This is about “Lack of Documentation” and trying to add some light.
I just downloaded my “Export Data” zip archive … and discovered it has changed. Towards the beginning of March I downloaded the archive, and there were lots of folders with long numbers as names. , that contained an audio folder, inside that were lots of wav files (even longer hex names.) Actual example: file_671d686cb0a02002286e258615025f2ac753012b9aa7bfa60cb8b7f32a6bb1c427d63a0a52aab272d47753ccba02f6d9-c19e52ca-7d80-4fa8-9028-56806107ae67.wav) note the long ‘file id’ followed by a uuid.
Today I downloaded my archive, and there are none of those folders. No uuid folders, no audio folders, just long-ass filenames, which are all ‘.dat’. If you open one in a text editor, you’ll see it’s a RIFF file, so these are the audio files, probably, if they have those long names (an example: file_0afa96a4208c30020e09fcf8ef6fb62ac753012b9aa7bfa60cb8b7f32a6bb1c427d63a0a52aab272d47753ccba02f6d9.dat - note, no uuid in the the name, it’s not in a folder (top level of the archive) and it’s .dat.
But there are also files with smaller names followed by .dat (least helpful extension known) such as: file_00000000f6605230a72c9fe4513d8ec2.dat
Open one of these up in a text editor, and you’ll see it’s a PNG. So you can manually change the extension to .png, and you’ll now see the thumbnail, Guess what file these are? The new image generations! Note in the archive there is still an actual folder “dalle-generations” with files that have names like file-0sLZ7w7d2U0zDWOaSmTrKNKC-d1a13955-737f-4c82-be69-c34a0b47316a.webp … note, that’s a file id (NOT hex, an alphanumeric string) followed by a hex uuid, followed by .webp
So, if you want to find all these new images you’re generating, you WON’T find them in the dalle-generations folder, they will be ‘short’ names amongst the ‘long’ names of .dat files.

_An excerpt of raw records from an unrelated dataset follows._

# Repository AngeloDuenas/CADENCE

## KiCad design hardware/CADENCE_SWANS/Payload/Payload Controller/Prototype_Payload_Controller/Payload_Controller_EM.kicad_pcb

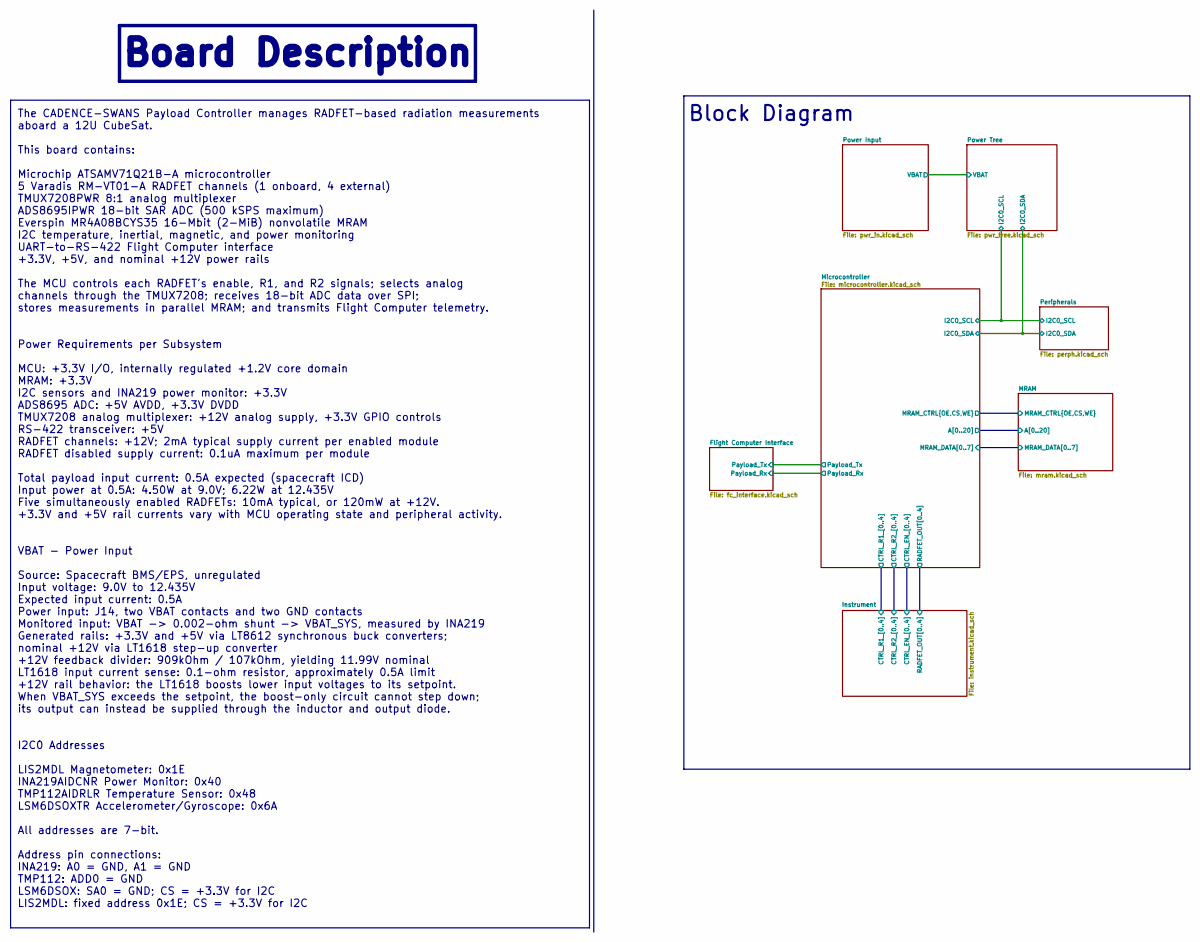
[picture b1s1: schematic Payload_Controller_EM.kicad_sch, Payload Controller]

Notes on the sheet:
Board Description
Block Diagram
The CADENCE-SWANS Payload Controller manages RADFET-based radiation measurements aboard a 12U CubeSat. This board contains: Microchip ATSAMV71Q21B-A microcontroller 5 Varadis RM-VT01-A RADFET channels (1 onboard, 4 external) TMUX7208PWR 8:1 analog multiplexer ADS8695IPWR 18-bit SAR ADC (500 kSPS ma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

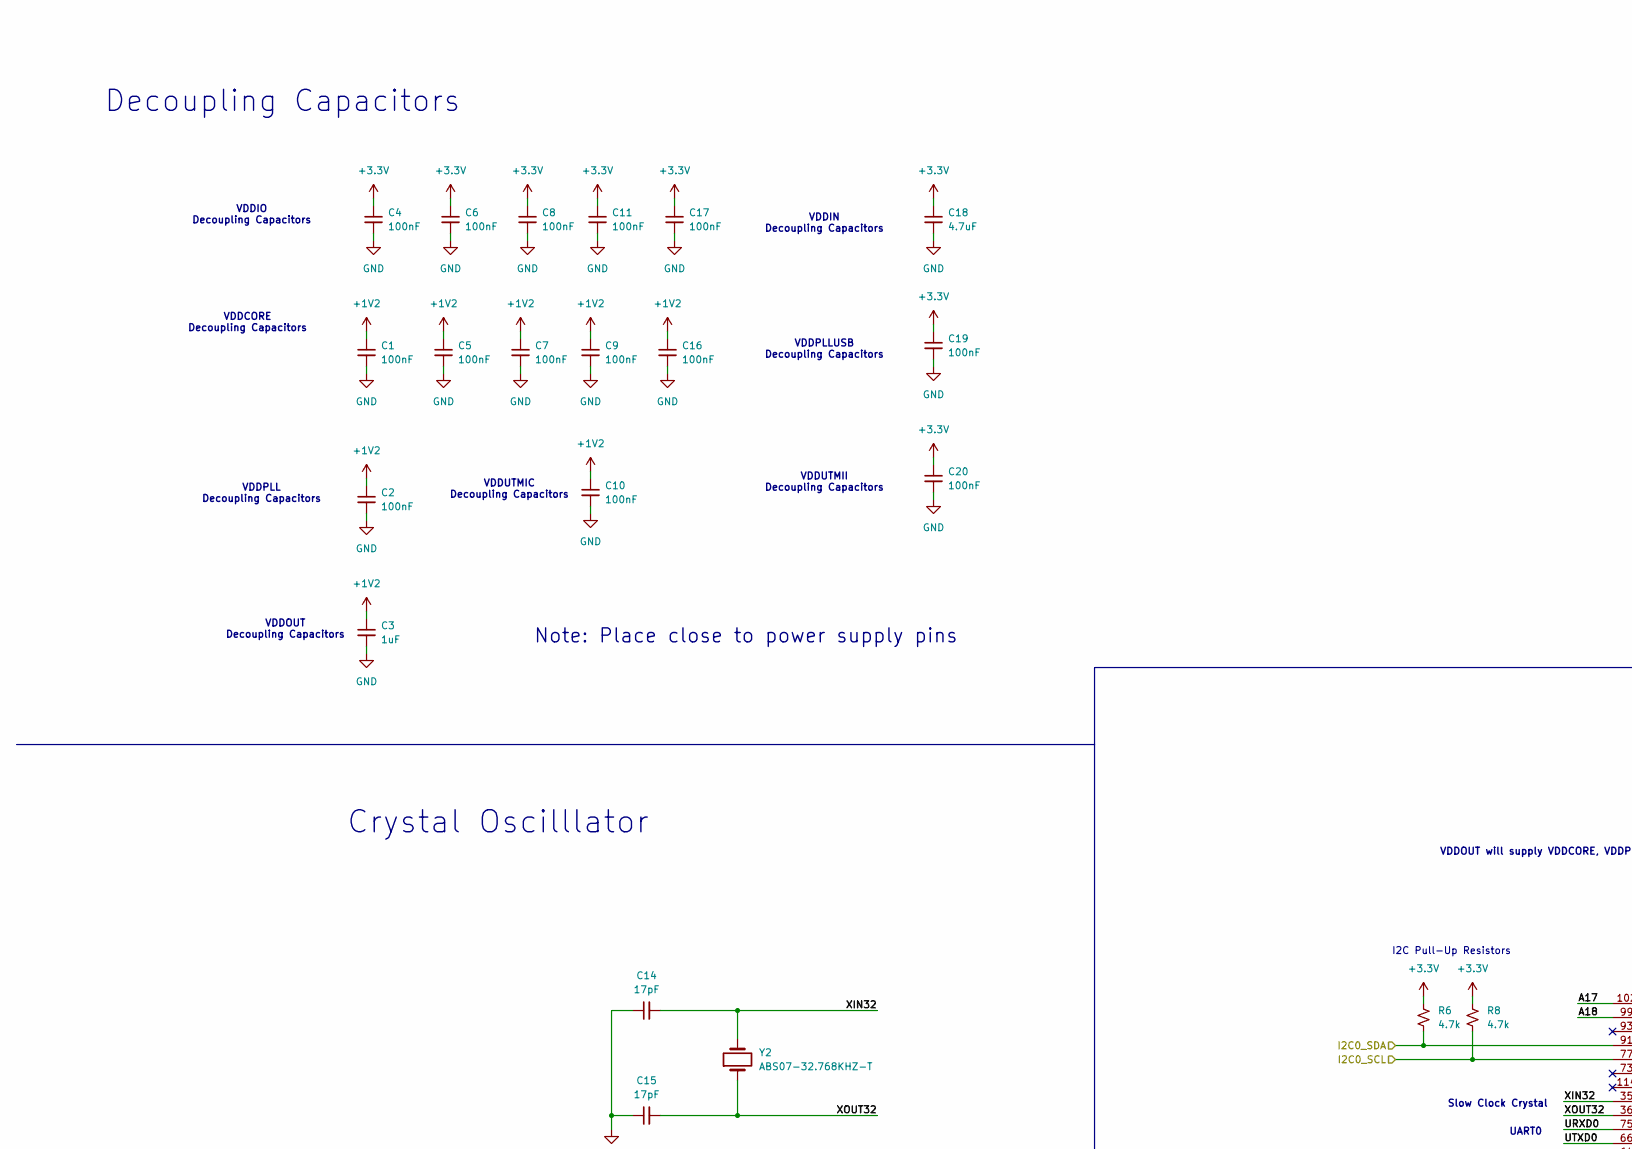
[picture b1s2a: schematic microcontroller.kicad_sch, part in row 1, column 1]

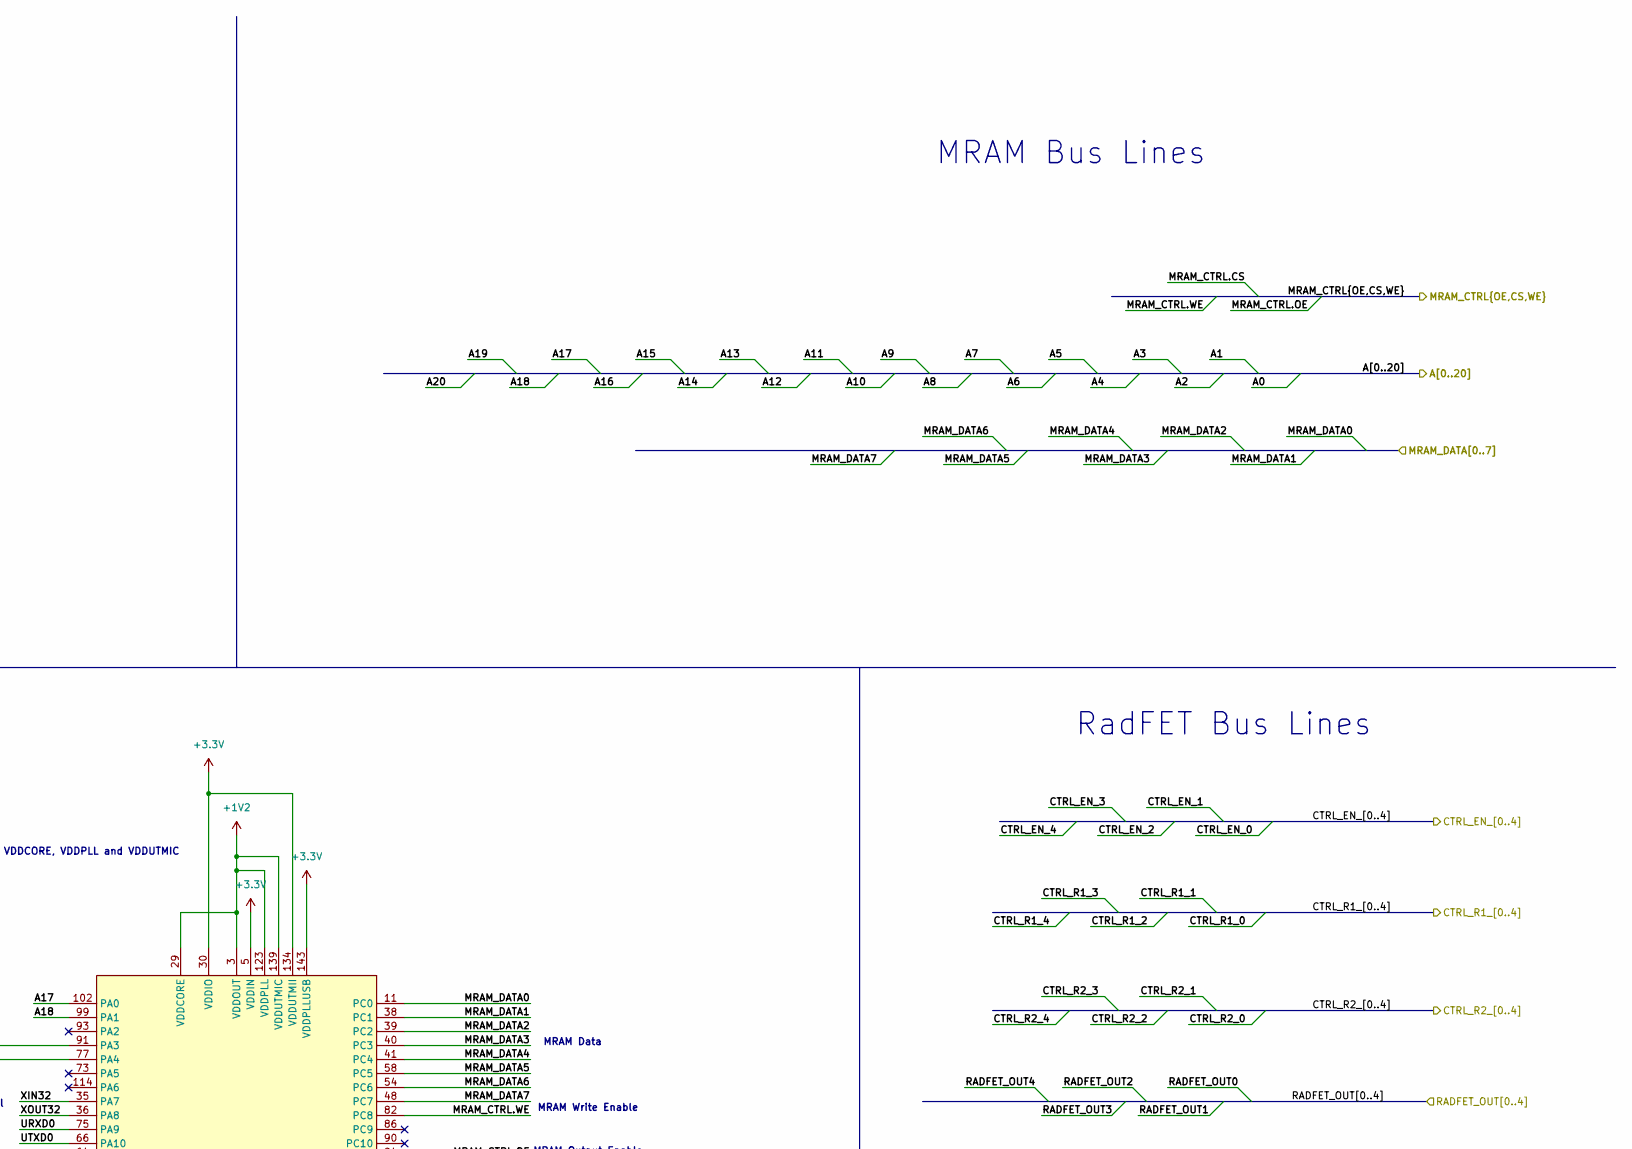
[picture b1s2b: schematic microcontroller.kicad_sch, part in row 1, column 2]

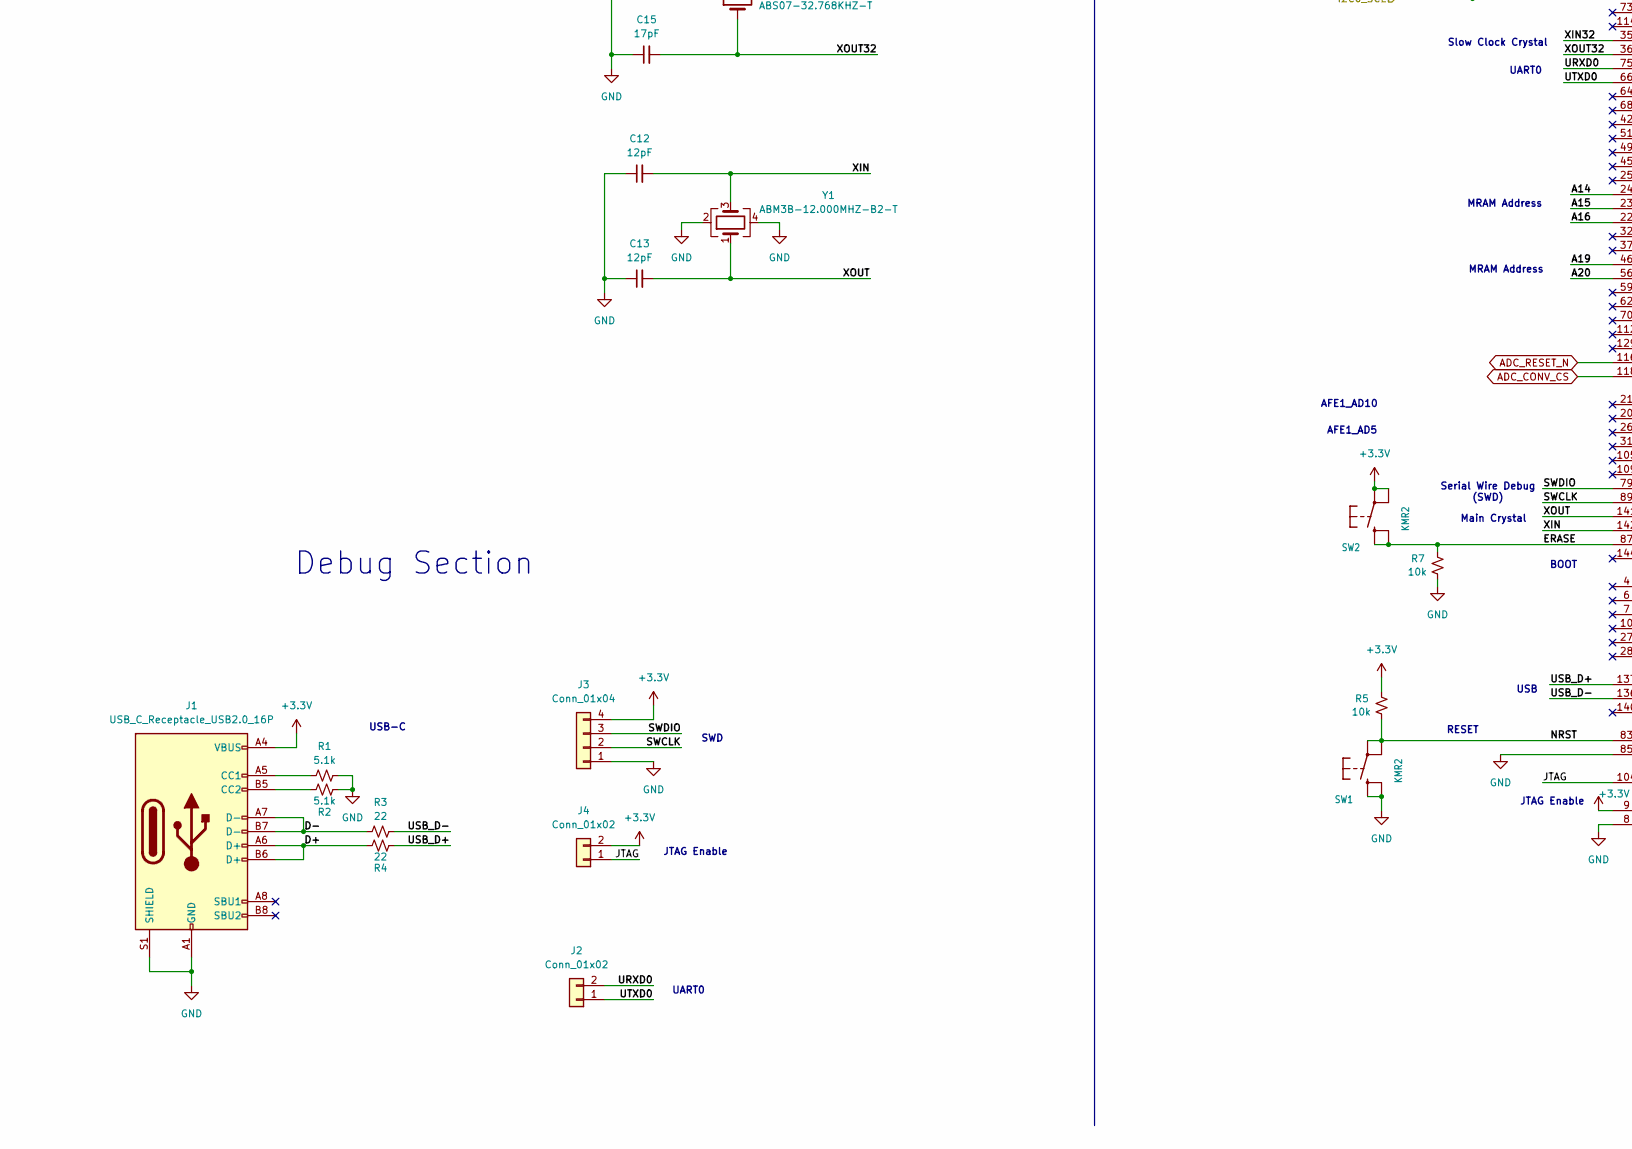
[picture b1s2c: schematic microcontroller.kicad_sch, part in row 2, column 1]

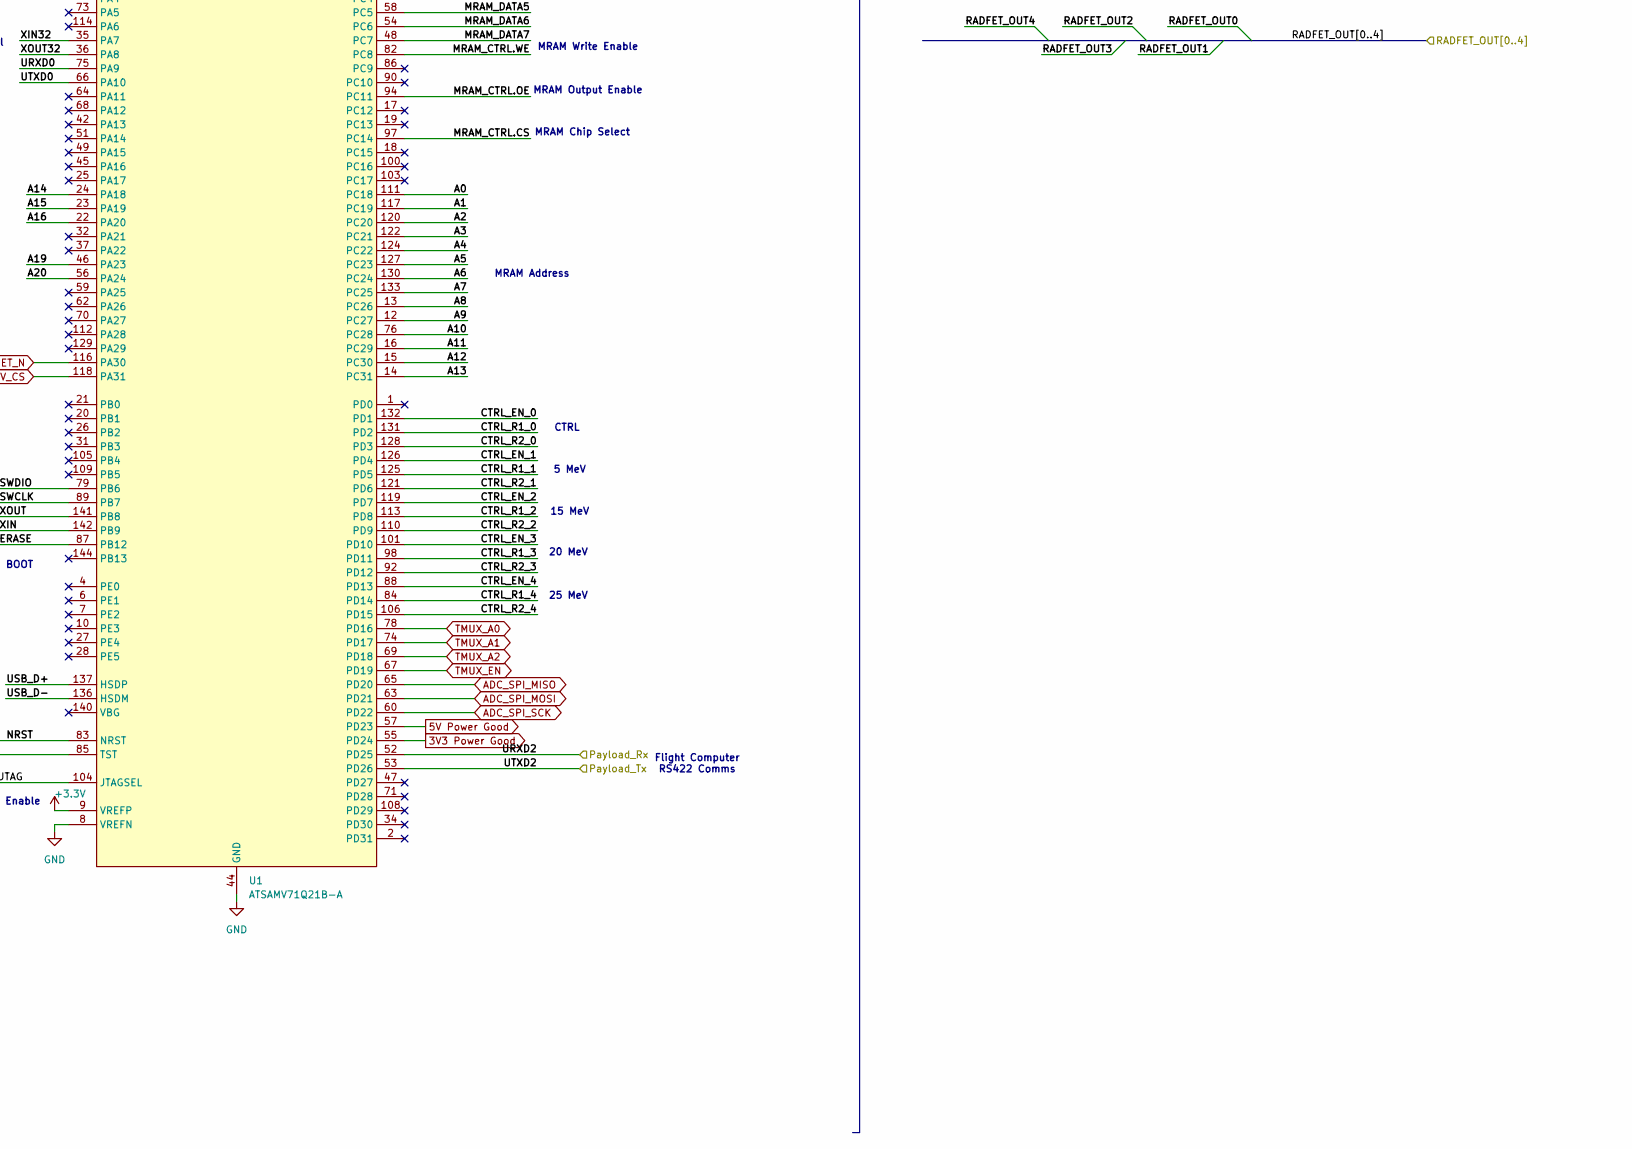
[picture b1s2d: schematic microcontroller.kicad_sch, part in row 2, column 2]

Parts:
C1, C2, C4, C5, C6, C7, C8, C9, C10, C11, C16, C17, C19, C20: 100nF; C_0402_1005Metric
C3: 1uF; C_0603_1608Metric
C12, C13: 12pF; C_0402_1005Metric
C14, C15: 17pF; C_0402_1005Metric
C18: 4.7uF; C_0603_1608Metric
J1: USB_C_Receptacle_USB2.0_16P; USB_C_Receptacle_HRO_TYPE-C-31-M-12
J2, J4: Conn_01x02; PinHeader_1x02_P2.54mm_Vertical
J3: Conn_01x04; PinHeader_1x04_P2.54mm_Vertical
R1, R2: 5.1k; R_0603_1608Metric
R3, R4: 22; R_0603_1608Metric
R5, R7: 10k; R_0603_1608Metric
R6, R8: 4.7k; R_0603_1608Metric
SW1, SW2: KMR2; BTN_KMR2_4.6X2.8
U1: ATSAMV71Q21B-A; LQFP-144_20x20mm_P0.5mm
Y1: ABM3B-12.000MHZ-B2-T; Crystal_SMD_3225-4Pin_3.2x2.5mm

Also, if you had some method of reading the conversations.json, extracting conversations and their messages and matching up the media in them with the media in the archive … that method probably just broke (mine did! thus this edit to the post) because these files are treated as “assets” and referenced by only the file id, which was always the first part of the name in the archive, not the old file name. However, the new ‘file_xxxx…’ format is different than the old ‘file-xxxx…’ that was more or less the same between the user uploaded and dalle generated images. The method of identifying assets was the same, ‘file-AlphanumericString-some-file-name.ext’ and the filename and extension were not used in the asset notation in the json. Who knows now…
I also wonder if there are pdf’s or other file types hiding amongst the .dat files. I hardly did any audio, but mostly I’ve been interested in the images. I also hardly did any video. There was for a brief time a ‘sora’ folder in the archive, but not anymore. Maybe that has its own export? Haven’t look, hardly used it yet.
This has been a public service post, for the confused among us, who actually like knowing what we’re getting when we download these archives.